→ What the task asks
What lines in the records below hold the string "MANGROOVES"? Please show them.

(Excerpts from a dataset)
====

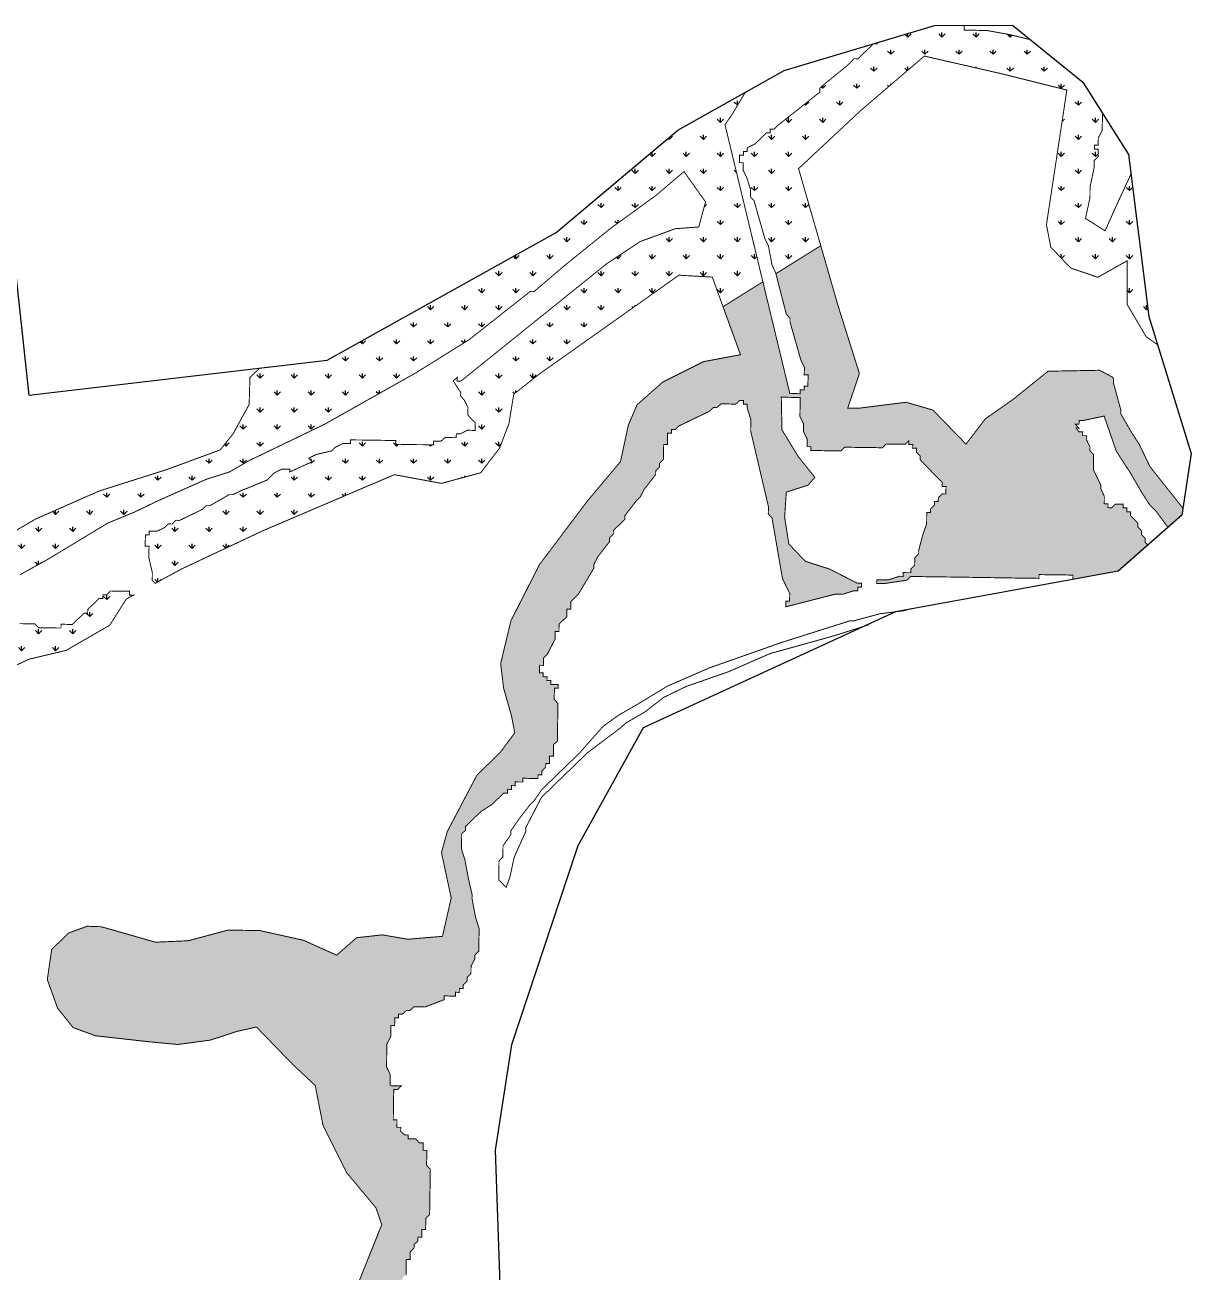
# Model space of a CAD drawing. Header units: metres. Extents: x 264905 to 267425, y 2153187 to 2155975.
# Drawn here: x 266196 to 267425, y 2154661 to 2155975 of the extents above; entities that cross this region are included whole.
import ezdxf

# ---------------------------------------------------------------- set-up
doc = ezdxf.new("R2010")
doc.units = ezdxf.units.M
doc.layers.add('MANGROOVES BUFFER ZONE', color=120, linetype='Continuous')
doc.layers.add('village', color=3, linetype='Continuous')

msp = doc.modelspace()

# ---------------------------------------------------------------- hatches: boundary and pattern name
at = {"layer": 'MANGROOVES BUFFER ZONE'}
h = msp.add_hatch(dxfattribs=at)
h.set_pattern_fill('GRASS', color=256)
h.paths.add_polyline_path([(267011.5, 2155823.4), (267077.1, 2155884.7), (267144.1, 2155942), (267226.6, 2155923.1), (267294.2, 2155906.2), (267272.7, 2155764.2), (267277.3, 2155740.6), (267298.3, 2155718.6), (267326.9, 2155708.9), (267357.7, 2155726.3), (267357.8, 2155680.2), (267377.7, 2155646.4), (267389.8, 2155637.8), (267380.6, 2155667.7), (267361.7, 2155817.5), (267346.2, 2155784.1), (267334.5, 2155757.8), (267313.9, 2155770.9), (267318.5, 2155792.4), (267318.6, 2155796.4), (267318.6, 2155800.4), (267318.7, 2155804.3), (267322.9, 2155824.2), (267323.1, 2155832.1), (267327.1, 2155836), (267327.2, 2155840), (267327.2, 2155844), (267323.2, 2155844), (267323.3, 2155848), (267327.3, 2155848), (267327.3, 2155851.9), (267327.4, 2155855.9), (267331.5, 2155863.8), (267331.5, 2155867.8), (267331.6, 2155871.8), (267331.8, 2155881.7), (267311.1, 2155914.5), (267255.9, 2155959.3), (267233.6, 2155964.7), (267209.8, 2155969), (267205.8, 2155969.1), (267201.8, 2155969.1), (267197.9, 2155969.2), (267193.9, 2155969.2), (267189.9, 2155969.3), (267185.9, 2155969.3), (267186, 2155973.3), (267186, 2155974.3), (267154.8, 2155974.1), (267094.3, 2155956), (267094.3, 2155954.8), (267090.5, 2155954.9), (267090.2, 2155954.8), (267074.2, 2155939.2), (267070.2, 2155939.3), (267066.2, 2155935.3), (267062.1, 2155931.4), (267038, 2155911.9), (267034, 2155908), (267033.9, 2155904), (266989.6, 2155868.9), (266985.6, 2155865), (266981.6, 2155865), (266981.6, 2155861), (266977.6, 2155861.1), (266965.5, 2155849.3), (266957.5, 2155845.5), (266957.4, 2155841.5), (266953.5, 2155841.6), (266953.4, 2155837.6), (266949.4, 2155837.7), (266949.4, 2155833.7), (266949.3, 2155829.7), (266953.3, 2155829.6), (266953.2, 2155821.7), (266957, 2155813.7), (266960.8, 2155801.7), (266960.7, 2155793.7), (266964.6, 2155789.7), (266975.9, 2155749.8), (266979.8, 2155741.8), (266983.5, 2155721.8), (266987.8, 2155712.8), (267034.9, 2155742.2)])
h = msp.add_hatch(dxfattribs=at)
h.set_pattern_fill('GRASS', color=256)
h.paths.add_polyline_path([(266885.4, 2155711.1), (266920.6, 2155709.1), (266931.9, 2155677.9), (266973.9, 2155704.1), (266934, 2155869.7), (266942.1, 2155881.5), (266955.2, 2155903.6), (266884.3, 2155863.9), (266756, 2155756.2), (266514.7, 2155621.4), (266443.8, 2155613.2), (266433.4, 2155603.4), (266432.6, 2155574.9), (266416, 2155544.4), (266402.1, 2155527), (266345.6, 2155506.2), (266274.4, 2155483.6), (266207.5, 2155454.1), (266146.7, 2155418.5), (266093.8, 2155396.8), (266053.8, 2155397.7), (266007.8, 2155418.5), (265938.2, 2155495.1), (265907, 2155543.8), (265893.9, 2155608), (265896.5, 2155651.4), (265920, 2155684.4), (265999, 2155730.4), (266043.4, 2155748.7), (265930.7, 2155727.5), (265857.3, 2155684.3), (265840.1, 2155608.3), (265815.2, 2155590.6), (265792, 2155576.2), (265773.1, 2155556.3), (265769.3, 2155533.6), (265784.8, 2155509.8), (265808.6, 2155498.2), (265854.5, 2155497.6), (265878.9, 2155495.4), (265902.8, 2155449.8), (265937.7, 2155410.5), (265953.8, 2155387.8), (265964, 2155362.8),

====

→ Exercise solution
doc.layers.add('MANGROOVES BUFFER ZONE', color=120, linetype='Continuous')
at = {"layer": 'MANGROOVES BUFFER ZONE'}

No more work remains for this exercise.